Once your VPAs are in place, you’ll see the recommendations appearing in the Goldilocks dashboard.
Installation
To install Goldilocks, run below commands in your cluster:
helm repo add fairwinds-stable https://charts.fairwinds.com/stable
## Installs only VPA recommender and not the admission webhook
helm install vpa fairwinds-stable/vpa --namespace vpa --create-namespace
helm install goldilocks fairwinds-stable/goldilocks --namespace goldilocks --create-namespace
If everything is successful, you can see the Goldilocks dashboard running with below comamnd:
$ kubectl get pods --namespace goldilocks -l "app.kubernetes.io/name=goldilocks,app.kubernetes.io/instance=goldilocks,app.kubernetes.io/component=dashboard" -o jsonpath="{.items[0].metadata.name}\n"
goldilocks-dashboard-9d494-4hejfj
Note - Default memory limits configured for goldilocks controller & dashboards
deployments are quite low. If you are planning to run it against an namespace having huge number of pods then increase the memory limit to avoid OOMKilled state. Your dashboard won’t work properly without the goldilocks deployments in steady state.
Enable Namespace
Pick an application namespace and label it like so in order to see some data:
e.g.
kubectl label ns <namespace> goldilocks.fairwinds.com/enabled=true
After that you should start to see VPA objects in that namespace.
Dashboard
The default installation creates a ClusterIP service for the dashboard. You can access via port forward:
kubectl -n goldilocks port-forward svc/goldilocks-dashboard 8080:80
Then open your browser to http://localhost:8080
You can see Goldilocks showing recommendations such as below for your deployments:
Case Study
Let’s see some examples of how Goldilocks recommendations help us to tune the memory limits.
An app team has a container named logstash-exporter
with below configuration -
apiVersion: apps/v1
kind: Deployment
spec:
replicas: 1
template:
spec:
containers:
- image: localhost:5000/apps/logstash-exporter
name: logstash-exporter
resources:
limits:
cpu: 300m
memory: 750Mi
requests:
cpu: 100m
memory: 350Mi
We notice that they have configured memory requirements in the range of 350 - 750 MiB.
We enable VPA recommender for above using Goldilocks namespace enablement and then check the recommendations after a period of workload activity.
We could clearly see that this container requires a max of 53MiB to function whereas the original requirements was way above than what was needed.
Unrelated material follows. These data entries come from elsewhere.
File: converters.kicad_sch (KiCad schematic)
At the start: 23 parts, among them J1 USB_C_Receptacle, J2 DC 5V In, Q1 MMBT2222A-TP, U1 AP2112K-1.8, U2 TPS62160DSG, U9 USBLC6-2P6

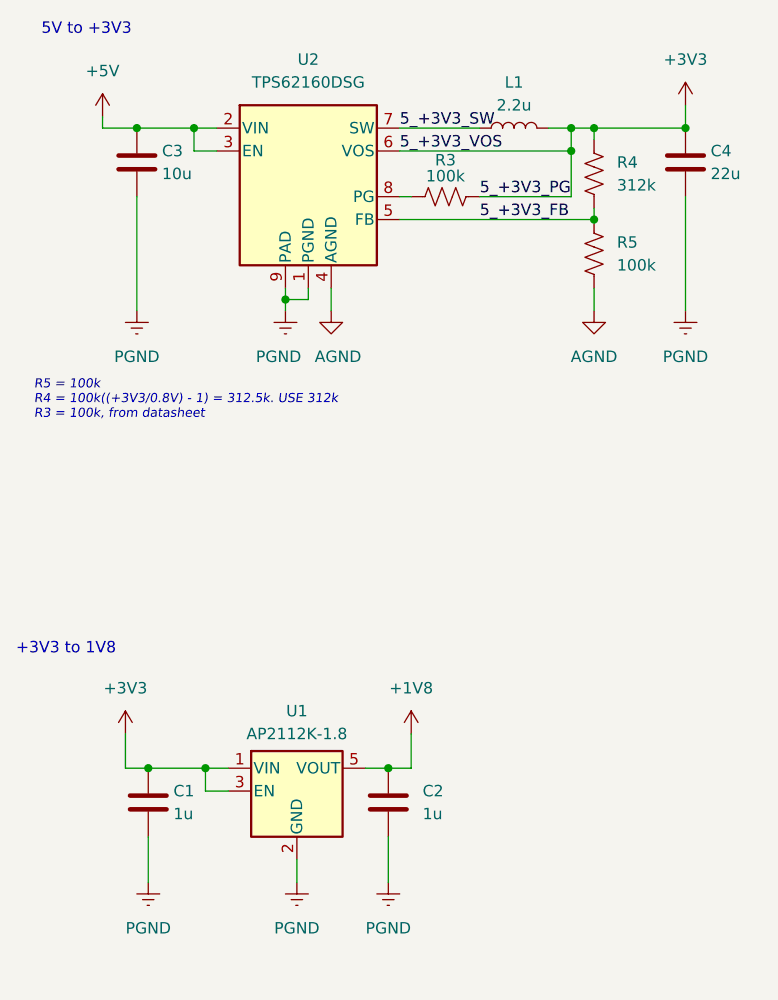
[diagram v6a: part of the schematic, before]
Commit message: Updated Schematics & finished rev2 layout. Routing left
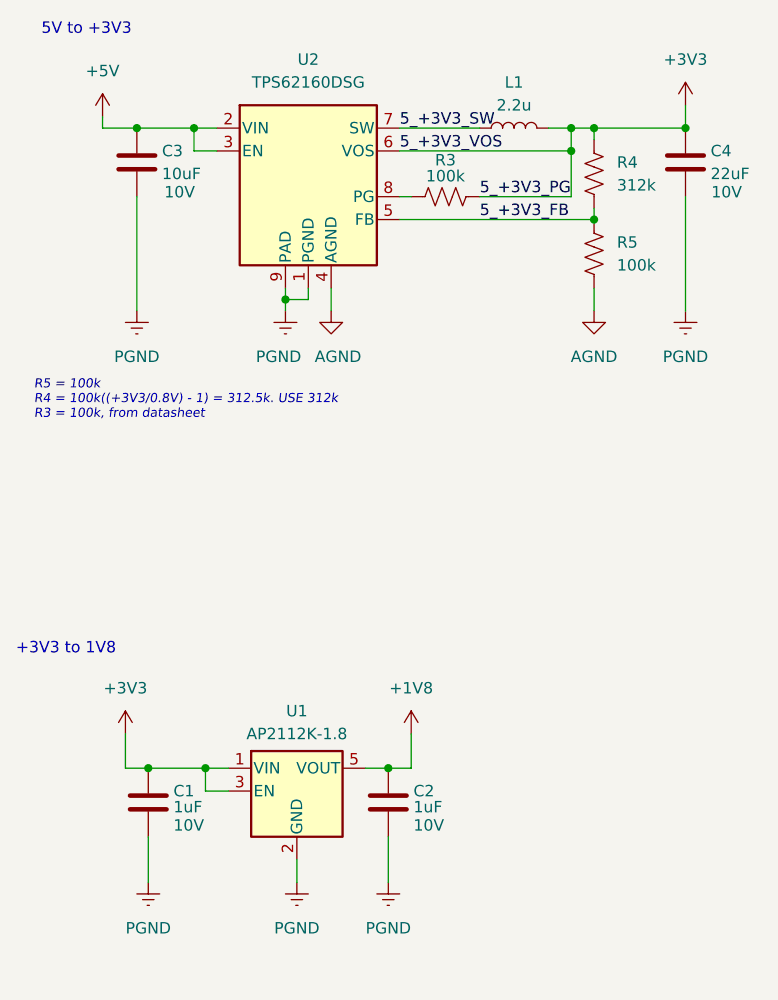
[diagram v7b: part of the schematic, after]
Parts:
- C1, C2: value 1u -> 1uF; footprint Capacitor_SMD:C_0805_2012Metric -> Capacitor_SMD:C_0603_1608Metric; Voltage Rating (none) -> 10V
- C3: value 10u -> 10uF; footprint Capacitor_SMD:C_0805_2012Metric -> Capacitor_SMD:C_0603_1608Metric; Voltage Rating (none) -> 10V
- C4: value 22u -> 22uF; footprint Capacitor_SMD:C_0805_2012Metric -> Capacitor_SMD:C_0603_1608Metric; Voltage Rating (none) -> 10V
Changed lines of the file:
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@@
 	)
 	(junction
+		(at 151.13 124.46)
+		(diameter 0)
+		(color 0 0 0 0)
+	)
+	(junction
 		(at 130.81 124.46)
 		(diameter 0)
@@
 		(color 0 0 0 0)
 	)
-	(junction
-		(at 151.13 124.46)
-		(diameter 0)
-		(color 0 0 0 0)
-	)
 	(no_connect
 		(at 49.53 69.85)
@@
 	(wire
 		(pts
-			(xy 151.13 124.46) (xy 153.67 124.46)
+			(xy 173.99 63.5) (xy 173.99 62.23)
 		)
 		(stroke
@@
 	(wire
 		(pts
-			(xy 173.99 63.5) (xy 173.99 62.23)
+			(xy 144.78 71.12) (xy 144.78 73.66)
 		)
 		(stroke
@@
 	(wire
 		(pts
-			(xy 144.78 71.12) (xy 144.78 73.66)
+			(xy 123.19 53.34) (xy 129.54 53.34)
 		)
 		(stroke
@@
 	(wire
 		(pts
-			(xy 123.19 53.34) (xy 129.54 53.34)
+			(xy 123.19 60.96) (xy 123.19 73.66)
 		)
 		(stroke
@@
 	(wire
 		(pts
-			(xy 123.19 60.96) (xy 123.19 73.66)
+			(xy 151.13 124.46) (xy 153.67 124.46)
 		)
 		(stroke
@@
 	)
 	(symbol
+		(lib_id "Device:C")
+		(at 151.13 128.27 0)
+		(unit 1)
+		(body_style 1)
+		(exclude_from_sim no)
+		(in_bom yes)
+		(on_board yes)
+		(in_pos_files yes)
+		(dnp no)
+		(property "Reference" "C2"
+			(at 153.924 127 0)
+			(show_name no)
+			(do_not_autoplace no)
+			(effects
+				(font
+					(size 1.27 1.27)
+				)
+				(justify left)
+			)
+		)
+		(property "Value" "1uF"
+			(at 153.924 128.778 0)
+			(show_name no)
+			(do_not_autoplace no)
+			(effects
+				(font
+					(size 1.27 1.27)
+				)
+				(justify left)
+			)
+		)
+		(property "Footprint" "Capacitor_SMD:C_0603_1608Metric"
+			(at 152.0952 132.08 0)
+			(hide yes)
+			(show_name no)
+			(do_not_autoplace no)
+			(effects
+				(font
+					(size 1.27 1.27)
+				)
+			)
+		)
+		(property "Datasheet" ""
+			(at 151.13 128.27 0)
+			(hide yes)
+			(show_name no)
+			(do_not_autoplace no)
+			(effects
+				(font
+					(size 1.27 1.27)
+				)
+			)
+		)
+		(property "Description" "Unpolarized capacitor"
+			(at 151.13 128.27 0)
+			(hide yes)
+			(show_name no)
+			(do_not_autoplace no)
+			(effects
+				(font
+					(size 1.27 1.27)
+				)
+			)
+		)
+		(property "Voltage Rating" "10V"
+			(at 153.924 130.81 0)
+			(show_name no)
+			(do_not_autoplace no)
+			(effects
+				(font
+					(size 1.27 1.27)
+				)
+				(justify left)
+			)
+		)
+		(pin "2"
+		)
+		(pin "1"
+		)
+		(instances
+			(project "Telemetry Box"
+				(path "/71a96c1a-3810-48e8-8b77-829a22b612db/e1044467-df55-4773-adfc-6bc275c0743b"
+					(reference "C2")
+					(unit 1)
+				)
+			)
+		)
+	)
+	(symbol
 		(lib_id "power:Earth")
 		(at 124.46 137.16 0)
@@
 			)
 		)
-		(property "Value" "1u"
-			(at 127.254 129.54 0)
+		(property "Value" "1uF"
+			(at 127.254 128.778 0)
 			(show_name no)
 			(do_not_autoplace no)
@@
 			)
 		)
-		(property "Footprint" "Capacitor_SMD:C_0805_2012Metric"
+		(property "Footprint" "Capacitor_SMD:C_0603_1608Metric"
 			(at 125.4252 132.08 0)
 			(hide yes)
@@
 			)
 		)
+		(property "Voltage Rating" "10V"
+			(at 127.254 130.81 0)
+			(show_name no)
+			(do_not_autoplace no)
+			(effects
+				(font
+					(size 1.27 1.27)
+				)
+				(justify left)
+			)
+		)
 		(pin "2"
 		)
@@
 			)
 		)
-		(property "Value" "10u"
+		(property "Value" "10uF"
 			(at 125.984 58.42 0)
 			(show_name no)
@@
 			)
 		)
-		(property "Footprint" "Capacitor_SMD:C_0805_2012Metric"
+		(property "Footprint" "Capacitor_SMD:C_0603_1608Metric"
 			(at 124.1552 60.96 0)
 			(hide yes)
@@
 			)
 		)
+		(property "Voltage Rating" "10V"
+			(at 126.238 60.452 0)
+			(show_name no)
+			(do_not_autoplace no)
+			(effects
+				(font
+					(size 1.27 1.27)
+				)
+				(justify left)
+			)
+		)
 		(pin "2"
 		)
@@
 			)
 		)
-		(property "Value" "22u"
+		(property "Value" "22uF"
 			(at 186.944 58.42 0)
 			(show_name no)
@@
 			)
 		)
-		(property "Footprint" "Capacitor_SMD:C_0805_2012Metric"
+		(property "Footprint" "Capacitor_SMD:C_0603_1608Metric"
 			(at 185.1152 60.96 0)
 			(hide yes)
@@
 			)
 		)
+		(property "Voltage Rating" "10V"
+			(at 188.722 60.452 0)
+			(show_name no)
+			(do_not_autoplace no)
+			(effects
+				(font
+					(size 1.27 1.27)
+				)
+			)
+		)
 		(pin "2"
 		)
@@
 					(unit 1)
 				)
-			)
-		)
-	)
-	(symbol
-		(lib_id "Device:C")
-		(at 151.13 128.27 0)
-		(unit 1)
-		(body_style 1)
-		(exclude_from_sim no)
-		(in_bom yes)
-		(on_board yes)
-		(in_pos_files yes)
-		(dnp no)
-		(fields_autoplaced yes)
-		(property "Reference" "C2"
-			(at 154.94 126.9999 0)
-			(show_name no)
-			(do_not_autoplace no)
-			(effects
-				(font
-					(size 1.27 1.27)
-				)
-				(justify left)
-			)
-		)
-		(property "Value" "1u"
-			(at 154.94 129.5399 0)
-			(show_name no)
-			(do_not_autoplace no)
-			(effects
-				(font
-					(size 1.27 1.27)
-				)
-				(justify left)
-			)
-		)
-		(property "Footprint" "Capacitor_SMD:C_0805_2012Metric"
-			(at 152.0952 132.08 0)
-			(hide yes)
-			(show_name no)
-			(do_not_autoplace no)
-			(effects
-				(font
-					(size 1.27 1.27)
-				)
-			)
-		)
-		(property "Datasheet" ""
-			(at 151.13 128.27 0)
-			(hide yes)
-			(show_name no)
-			(do_not_autoplace no)
-			(effects
-				(font
-					(size 1.27 1.27)
-				)
-			)
-		)
-		(property "Description" "Unpolarized capacitor"
-			(at 151.13 128.27 0)
-			(hide yes)
-			(show_name no)
-			(do_not_autoplace no)
-			(effects
-				(font
-					(size 1.27 1.27)
-				)
-			)
-		)
-		(pin "2"
-		)
-		(pin "1"
-		)
-		(instances
-			(project "Telemetry Box"
-				(path "/71a96c1a-3810-48e8-8b77-829a22b612db/e1044467-df55-4773-adfc-6bc275c0743b"
-					(reference "C2")
-					(unit 1)
-				)

We can then ask the app team to update the memory configuration based on the recommendations so that the unneeded memory could be released for other workloads usage.
In an another example, an app team has configured a container named logstash-chart
with below configuration -
apiVersion: apps/v1
kind: Deployment
spec:
replicas: 1
template:
spec:
containers:
- image: localhost:5000/apps/logstash-chart
name: logstash-chart
resources:
limits:
cpu: 300m
memory: 750Mi
requests:
cpu: 100m
memory: 350Mi
We notice that the above configuration is resulting in OOMKilled state. So, we remove the limits and run the workloads to observe the recommendations.
We can see that the container requires a max of ~1300 MiB of memory to process based on the current load however we had configured a max of 750 MiB previously.
We then ask the app team to increase the memory limits so that the container can process without restarts (provided above is not related to a memory leak).